In 2012, Atari filed a copyright claim against Xio Interactive for making Mino, an iPhone app that was a near perfect replica of the widely renowned Tetris. In their suit, Mino attempted to convince the court that they could not create a falling-block-puzzle game without it looking substantially similar to Tetris. Therefore, according to the court’s own reasoning in the Asteroids v. Meteors case, falling blocks, previews of the blocks, and the pre-generated lines should all be considered common scenes à faire to this particular puzzle-game genre.

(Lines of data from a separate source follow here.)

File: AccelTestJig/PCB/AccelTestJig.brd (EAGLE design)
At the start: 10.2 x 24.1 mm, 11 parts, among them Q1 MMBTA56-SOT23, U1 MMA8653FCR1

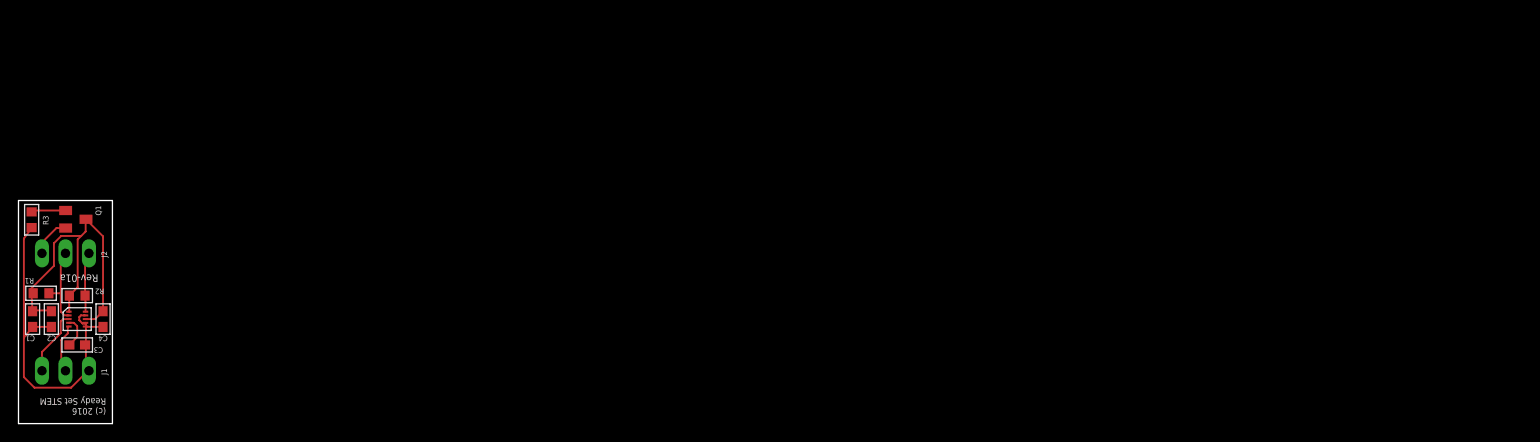
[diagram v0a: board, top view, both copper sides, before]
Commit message: AccelTestJig - first rev (sent to oshpark)
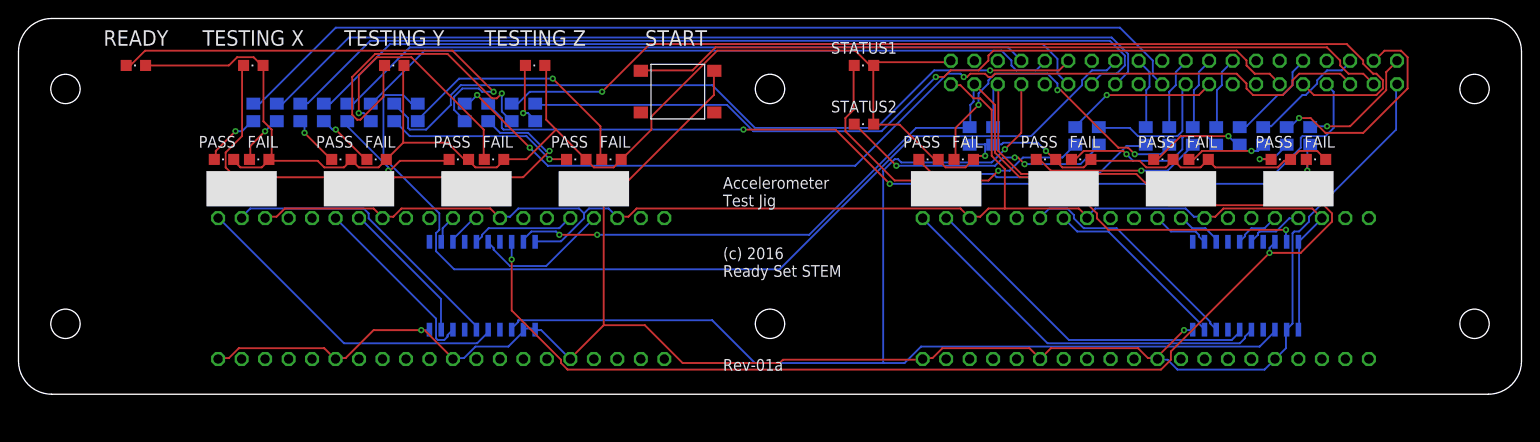
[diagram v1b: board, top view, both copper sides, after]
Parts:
- removed C1, C3, C4: 0.1uF, AccelBreakout:C0603
- removed C2: 1uF, AccelBreakout:C0603
- removed J1, J2: (no value), AccelBreakout:1X03
- removed Q1: MMBTA56-SOT23, transistor-pnp:SOT23
- added FAIL0, FAIL1, FAIL2, FAIL3, FAIL4, FAIL5, FAIL6, FAIL7: FAIL, led:CHIPLED_0805
- added JP1: NONE, AccelTestJig:2X20
- added JP2, JP3: NONE, AccelTestJig:2X20-WIDE
- added PASS0, PASS1, PASS2, PASS3, PASS4, PASS5, PASS6, PASS7: PASS, led:CHIPLED_0805
- added R10, R11, R12, R13, R14, R15, R16, R17, R18, R19, R20, R21, R22, R4, R5, R6, R7, R8, R9: 100, resistor:R0805
- added R23, R24: 10k, resistor:R0805
- added READY: READY, led:CHIPLED_0805
- added S1: START, AccelTestJig:6X6SMD
- added STATUS1, STATUS2: NONE, led:CHIPLED_0805
- added U2: NONE, AccelTestJig:SOIC20
- added XRUNNING: TESTING X, led:CHIPLED_0805
- added YRUNNING: TESTING Y, led:CHIPLED_0805
- added ZRUNNING: TESTING Z, led:CHIPLED_0805
- R1, R2, R3: value 10K -> 100; device AccelBreakout:R0603 -> resistor:R0805
- U1: value MMA8653FCR1 -> NONE; device AccelBreakout:MMA8653FCR1 -> AccelTestJig:SOIC20
- moved U1 49.5 mm to (55.9, 6.99), flipped to the bottom
- moved R3 43.3 mm to (43.2, 30.5), flipped to the bottom, turned to 270 degrees
- moved R1 38.5 mm to (35.6, 30.5), flipped to the bottom, turned to 270 degrees
- moved R2 37.4 mm to (38.1, 30.5), flipped to the bottom, turned to 270 degrees
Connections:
- removed net INT1: J1.1, U1.3
- removed net INT2: J1.2, U1.5
- removed net VCC: C1.1, C2.1, C4.1, Q1.3, R1.2, R2.2, U1.1, U1.8
- new net +3V3: JP1.1, JP2.16, JP2.26, JP2.36, JP2.6, JP3.16, JP3.26, JP3.36, JP3.6, U1.20, U2.1, U2.20
- new net +5V: FAIL0.A, FAIL1.A, FAIL2.A, FAIL3.A, FAIL4.A, FAIL5.A, FAIL6.A, FAIL7.A, JP1.2, PASS0.A, PASS1.A, PASS2.A, PASS3.A, PASS4.A, PASS5.A, PASS6.A, PASS7.A, R23.2, R24.2, READY.A, STATUS1.A, STATUS2.A, XRUNNING.A, YRUNNING.A, ZRUNNING.A
- new net N$13: FAIL7.C, R15.2
- new net N$14: FAIL1.C, R16.1
- new net N$15: PASS1.C, R17.1
- new net N$16: FAIL0.C, R18.1
- new net N$17: JP1.19, R19.2
- new net N$18: PASS0.C, R19.1
- new net N$19: JP1.8, R1.1
- new net N$20: JP1.10, R2.1
- new net N$21: JP1.12, R14.1
- new net N$22: PASS2.C, R1.2
- new net N$23: FAIL2.C, R2.2
- new net N$24: PASS3.C, R14.2
- new net N$25: FAIL3.C, R3.2
- new net N$26: PASS4.C, R4.2
- new net N$27: FAIL4.C, R5.2
- new net N$28: PASS5.C, R6.2
- new net N$29: FAIL5.C, R7.2
- new net N$3: JP1.15, R18.2
- new net N$30: PASS7.C, R10.2
- new net N$31: FAIL6.C, R9.2
- new net N$32: PASS6.C, R8.2
- new net N$33: JP1.16, R3.1
- new net N$35: JP1.22, R5.1
- new net N$36: JP1.24, R6.1
- new net N$37: JP1.26, R7.1
- new net N$38: JP1.32, R8.1
- new net N$39: JP1.36, R9.1
- new net N$40: JP1.38, R10.1
- new net N$41: JP1.40, R15.1
- new net N$42: R22.1, READY.C
- new net N$43: R21.1, XRUNNING.C
- new net N$44: R13.1, YRUNNING.C
- new net N$46: R11.1, STATUS1.C
- new net N$47: R20.1, STATUS2.C
- new net N$48: JP1.21, R20.2
- new net N$49: JP1.23, R11.2
- new net N$50: JP1.29, R12.2
- new net N$51: JP1.31, R13.2
- new net N$52: JP1.33, R21.2
- new net N$53: JP1.35, R22.2
- new net N$54: JP1.37, S1.P$1
- new net RESET#: JP1.7, U1.3, U2.3
- new net SC0: JP3.4, U2.6
- new net SC1: JP3.14, U2.9
- new net SC2: JP3.24, U2.13
- new net SC3: JP3.34, U2.16
- new net SC4: JP2.4, U1.6
- new net SC5: JP2.14, U1.9
- new net SC6: JP2.24, U1.13
- new net SC7: JP2.34, U1.16
- new net SD0: JP3.2, U2.5
- new net SD1: JP3.12, U2.8
- new net SD2: JP3.22, U2.12
- new net SD3: JP3.32, U2.15
- new net SD4: JP2.2, U1.5
- new net SD5: JP2.12, U1.8
- new net SD6: JP2.22, U1.12
- new net SD7: JP2.32, U1.15
- new net ZRUNNING: R12.1, ZRUNNING.C
- net GND: now also JP1.39, JP2.1, JP2.11, JP2.21, JP2.31, JP3.1, JP3.11, JP3.21, JP3.31, S1.P$2, U1.1, U1.10, U1.2, U2.10, U2.2; no longer C1.2, C2.2, C3.2, C4.2, J1.3, R3.1, U1.6, U1.7, U1.9
- net N$1: now also JP1.11, R16.2; no longer J2.1, Q1.2
- net N$2: now also JP1.13, R17.2; no longer Q1.1, R3.2
- net N$34: now also JP1.18, R4.1; no longer C3.1, U1.4
- net SCL: now also JP1.5, R23.1, U1.18, U2.18; no longer J2.2, R1.1, U1.2
- net SDA: now also JP1.3, R24.1, U1.19, U2.19; no longer J2.3, R2.1, U1.10
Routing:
- net +5V: track 0.00 -> 198.0 mm, vias 0 -> 2
- net GND: track 38.1 -> 201.5 mm, vias 0 -> 2
- net +3V3: track 0.00 -> 158.2 mm
- net SCL: track 8.84 -> 159.4 mm, vias 0 -> 2
- net RESET#: track 0.00 -> 129.8 mm, vias 0 -> 1
- net N$51: track 0.00 -> 109.1 mm, vias 0 -> 1
- net N$33: track 0.00 -> 107.5 mm
- net N$53: track 0.00 -> 107.1 mm, vias 0 -> 3
- net N$17: track 0.00 -> 105.2 mm
- net N$52: track 0.00 -> 103.9 mm, vias 0 -> 2
- net N$3: track 0.00 -> 99.6 mm
- net SDA: track 6.51 -> 103.6 mm, vias 0 -> 3
- net N$2: track 3.90 -> 98.2 mm
- net N$50: track 0.00 -> 87.5 mm, vias 0 -> 1
- net N$54: track 0.00 -> 82.3 mm
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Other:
- board size 10.2 x 24.1 mm -> 162.6 x 40.6 mm
- board text added: "Accelerometer Test Jig"
- board text added: "P"
- board text added: "READY"
- board text removed: "3.3V"
- board text removed: "GND"
- board text removed: "INT1"
- board text removed: "INT2"
- board text removed: "SCL"
- board text removed: "SDA"

Sounds reasonable. After all, that was the court’s ruling before, so why switch-up the playstyle now? But that is exactly what the court did. They ruled against Mino, claiming that while the idea of falling blocks, the colors, and the blocks inevitably filling up the screen were all scenes à faire, the preview of the next piece and the pre-generated lines present specifically in Tetris were in fact copyrightable and therefore protected.
This case was just the wave before the veritable tsunami of newer copyright infringement lawsuits that began to crack down on purported copycats in gaming. Tetris Holding, LLC v. Xio Interactive, Inc. (2012), Spry Fox, LLC v. Lolapps, Inc. (2012), Silicon Knights v. Epic Games (2012), Crytek v. Cloud Imperium (2019), and Ubisoft v. Apple (2020), to name just a few. So why the sudden change? Why were some of these earlier game copies able to go forward while others get the virtual ax?
To posit a small answer to a large question, it likely comes down to what the courts now consider to be essential to a game’s expression versus what falls under mere idea. With the advent of app platforms and the explosion of the gaming industry, just because a game looks similar nowadays does not automatically mean that wrongful copying is afoot. There are so many genres, so many formats, mechanics, and rules that even attempting to determine a hard line between mere inspiration and opportunistic cloning would cause a headache faster than any Dark Souls game.
Moving forward, it will come down to our legal system to adjudicate the idea/expression distinction. It remains the courts’ solemn duty to maintain the proper balance between freedom of creation and the protection of a creator’s works. The task falls on the judiciary to continue keeping video games fun but fair for everyone.